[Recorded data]

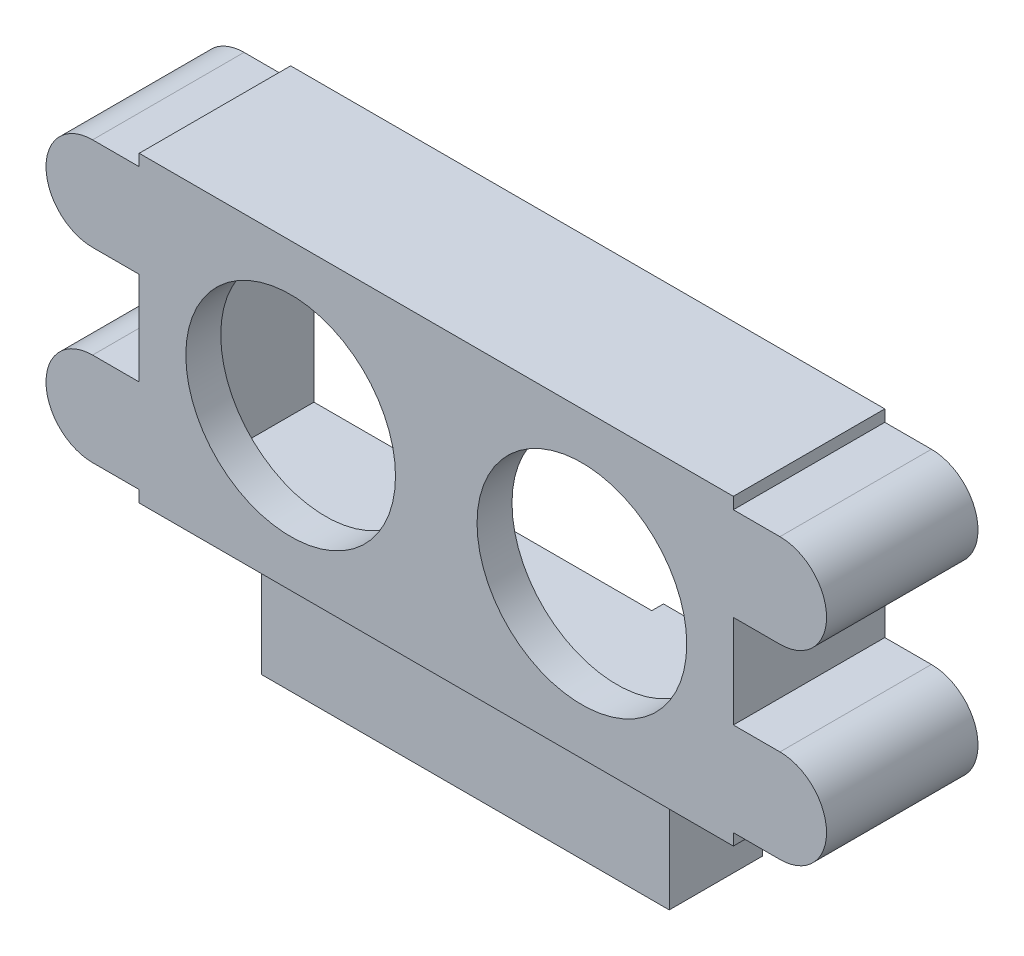
SolidWorks part; units mm, degrees
ref_plane "Ebene vorne" through (0, 0, 0) normal (0, 0, 1) x (1, 0, 0)
ref_plane "Ebene oben" through (0, 0, 0) normal (0, 1, 0) x (1, 0, 0)
ref_plane "Ebene rechts" through (0, 0, 0) normal (1, 0, 0) x (0, 0, -1)
sketch "Skizze1" plane through (0, 0, 0) normal (0, 0, 1) x (1, 0, 0)
  line L10 (549.7525, 211.3432) -> (502.7525, 211.3432)
  line L11 (502.7525, 211.3432) -> (502.7525, 189.3432)
  line L12 (502.7525, 189.3432) -> (549.7525, 189.3432)
  line L13 (549.7525, 189.3432) -> (549.7525, 211.3432)
  line L18 (551.7525, 187.3432) -> (551.7525, 213.3432)
  line L19 (500.7525, 187.3432) -> (551.7525, 187.3432)
  line L20 (500.7525, 213.3432) -> (500.7525, 187.3432)
  line L21 (551.7525, 213.3432) -> (500.7525, 213.3432)
  circle A3 centre (513.7525, 200.3432) radius 9
  circle A6 centre (538.7525, 200.3432) radius 9
  dimension "D4" = 2
extrude "Aufsatz-Linear austragen1" add sketch "Skizze1" along normal blind 3 contours A3 | A6 | L21 L20 L19 L18
sketch "Skizze3" plane through (0, 0, 0) normal (0, 0, -1) x (-1, 0, 0)
  line L4 (-551.7525, 213.3432) -> (-500.7525, 213.3432) construction
  line L5 (-551.7525, 213.3432) -> (-500.7525, 213.3432)
  line L6 (-551.7525, 187.3432) -> (-551.7525, 213.3432) construction
  line L7 (-551.7525, 187.3432) -> (-551.7525, 213.3432)
  line L8 (-549.7525, 211.3432) -> (-549.7525, 189.3432)
  line L9 (-549.7525, 189.3432) -> (-502.7525, 189.3432)
  line L10 (-502.7525, 189.3432) -> (-502.7525, 211.3432)
  line L11 (-502.7525, 211.3432) -> (-549.7525, 211.3432)
  line L12 (-549.7525, 211.3432) -> (-549.7525, 189.3432)
  line L13 (-549.7525, 189.3432) -> (-502.7525, 189.3432)
  line L14 (-502.7525, 189.3432) -> (-502.7525, 211.3432)
  line L15 (-502.7525, 211.3432) -> (-549.7525, 211.3432)
  line L16 (-500.7525, 213.3432) -> (-500.7525, 187.3432) construction
  line L17 (-500.7525, 187.3432) -> (-551.7525, 187.3432) construction
  line L18 (-500.7525, 213.3432) -> (-500.7525, 187.3432)
  line L19 (-500.7525, 187.3432) -> (-551.7525, 187.3432)
  dimension "D1" = 2
extrude "Aufsatz-Linear austragen3" add sketch "Skizze3" along normal blind 10
sketch "Skizze4" plane through (0, 0, -10) normal (0, 0, -1) x (-1, 0, 0)
  line L0 (-500.7525, 213.3432) -> (-551.7525, 213.3432) construction
  line L1 (-500.7525, 187.3432) -> (-500.7525, 213.3432) construction
  line L2 (-496.7525, 212.3432) -> (-500.7525, 212.3432)
  line L3 (-500.7525, 212.3432) -> (-500.7525, 204.3432)
  line L4 (-500.7525, 204.3432) -> (-496.7525, 204.3432)
  line L7 (-551.7525, 200.3432) -> (-490.7838, 200.3432) construction
  line L8 (-551.7525, 213.3432) -> (-551.7525, 187.3432) construction
  line L9 (-526.2525, 213.3432) -> (-526.2525, 176.8009) construction
  line L10 (-500.7525, 196.3432) -> (-496.7525, 196.3432)
  line L11 (-500.7525, 188.3432) -> (-500.7525, 196.3432)
  line L12 (-496.7525, 188.3432) -> (-500.7525, 188.3432)
  line L13 (-551.7525, 188.3432) -> (-551.7525, 196.3432)
  line L14 (-555.7525, 188.3432) -> (-551.7525, 188.3432)
  line L15 (-551.7525, 196.3432) -> (-555.7525, 196.3432)
  line L16 (-551.7525, 204.3432) -> (-555.7525, 204.3432)
  line L17 (-551.7525, 212.3432) -> (-551.7525, 204.3432)
  line L18 (-555.7525, 212.3432) -> (-551.7525, 212.3432)
  arc A0 (-496.7525, 204.3432) -> (-496.7525, 212.3432) centre (-496.7525, 208.3432) ccw
  arc A1 (-496.7525, 196.3432) -> (-496.7525, 188.3432) centre (-496.7525, 192.3432) cw
  arc A2 (-555.7525, 196.3432) -> (-555.7525, 188.3432) centre (-555.7525, 192.3432) ccw
  arc A3 (-555.7525, 204.3432) -> (-555.7525, 212.3432) centre (-555.7525, 208.3432) cw
  dimension "D1" = 5
  dimension "D2" = 4
extrude "Aufsatz-Linear austragen4" add sketch "Skizze4" against normal up to surface (13 mm away) up to face at (522.7525, 200.3432, 3)
hole_wizard "Ø3.0 (3) Durchmesser Bohrung1" positions "Skizze6" profile "Skizze7" hole size "Ø3.0" standard "ISO"
sketch "Skizze6" plane through (0, 0, -10) normal (0, 0, -1) x (-1, 0, 0)
  point P1 (-555.7525, 208.3432)
  point P4 (-555.7525, 192.3432)
  point P7 (-496.7525, 208.3432)
  point P10 (-496.7525, 192.3432)
sketch "Skizze7" plane through (555.7525, 208.3432, -10) normal (1, 0, 0) x (0, 1, 0)
  line L0 (0, 0) -> (0, 8.9013)
  line L1 (0, 8.9013) -> (1.5, 8)
  line L2 (1.5, 8) -> (1.5, 0)
  line L5 (1.5, 0) -> (0, 0)
  line L10 (0, 8.9013) -> (-1.5, 8) construction
  line L11 (0, -6.35) -> (0, 107.95) construction
  dimension "Bohrerdurchmesser" = 3
  dimension "Bohrungstiefe" = 8
  dimension "Spitzenwinkel" = 118
sketch "Skizze8" plane through (0, 187.3432, 0) normal (0, -1, 0) x (1, 0, 0)
  line L0 (551.7525, -10) -> (500.7525, -10) construction
  line L1 (519.7525, -10) -> (532.7525, -10)
  line L2 (519.7525, -10) -> (519.7525, -9)
  line L3 (519.7525, -9) -> (532.7525, -9)
  line L4 (532.7525, -10) -> (532.7525, -9)
  line L5 (526.2525, 3) -> (526.2525, -17.452) construction
  line L6 (500.7525, 3) -> (551.7525, 3) construction
  dimension "D1" = 13
  dimension "D2" = 1
extrude "Schnitt-Linear austragen1" cut sketch "Skizze8" against normal up to next contours L3 L4 L1 L2
sketch "Skizze10" plane through (0, 187.3432, 0) normal (0, -1, 0) x (1, 0, 0)
  line L0 (500.7525, -3.5) -> (552.2628, -3.5) construction
  line L1 (508.7525, 0.5) -> (543.7525, 0.5)
  line L2 (508.7525, 0.5) -> (508.7525, -7.5)
  line L3 (508.7525, -7.5) -> (543.7525, -7.5)
  line L4 (543.7525, 0.5) -> (543.7525, -7.5)
  line L5 (500.7525, 3) -> (500.7525, -10) construction
  line L6 (526.2525, 3) -> (526.2525, -17.878) construction
  line L7 (500.7525, 3) -> (551.7525, 3) construction
  dimension "D1" = 35
  dimension "D2" = 8
extrude "Aufsatz-Linear austragen5" add sketch "Skizze10" along normal blind 10 contours L1 L4 L3 L2
sketch "Skizze11" plane through (0, 177.3432, 0) normal (0, -1, 0) x (1, 0, 0)
  line L0 (508.7525, -3.5) -> (549.5925, -3.5) construction
  line L1 (508.7525, 0.5) -> (508.7525, -7.5) construction
  line L2 (526.2525, 0.5) -> (526.2525, -17.4014) construction
  line L3 (508.7525, 0.5) -> (543.7525, 0.5) construction
  line L4 (516.8025, -3.5) -> (535.7025, -3.5)
  line L5 (543.7525, 0.5) -> (543.7525, -7.5) construction
  dimension "D1" = 18.9
hole_wizard "Ø1.5 (1.5) Durchmesser Bohrung1" positions "Skizze12" profile "Skizze14" hole size "Ø1.5" standard "ISO"
sketch "Skizze12" plane through (0, 177.3432, 0) normal (0, -1, 0) x (-1, 0, 0)
  point P0 (-535.7025, 3.5)
  point P3 (-516.8025, 3.5)
sketch "Skizze14" plane through (535.7025, 177.3432, -3.5) normal (1, 0, 0) x (0, 0, -1)
  line L0 (0, 0) -> (0, 8.4506)
  line L1 (0, 8.4506) -> (0.75, 8)
  line L2 (0.75, 8) -> (0.75, 0)
  line L5 (0.75, 0) -> (0, 0)
  line L10 (0, 8.4506) -> (-0.75, 8) construction
  line L11 (0, -6.35) -> (0, 107.95) construction
  dimension "Bohrerdurchmesser" = 1.5
  dimension "Bohrungstiefe" = 8
  dimension "Spitzenwinkel" = 118

▸ Work task: Skip every picture and return the lines above from the top through the one that contains "line L10 (549.7525, 211.3432)".

▸ Response box:
SolidWorks part; units mm, degrees
ref_plane "Ebene vorne" through (0, 0, 0) normal (0, 0, 1) x (1, 0, 0)
ref_plane "Ebene oben" through (0, 0, 0) normal (0, 1, 0) x (1, 0, 0)
ref_plane "Ebene rechts" through (0, 0, 0) normal (1, 0, 0) x (0, 0, -1)
sketch "Skizze1" plane through (0, 0, 0) normal (0, 0, 1) x (1, 0, 0)
  line L10 (549.7525, 211.3432) -> (502.7525, 211.3432)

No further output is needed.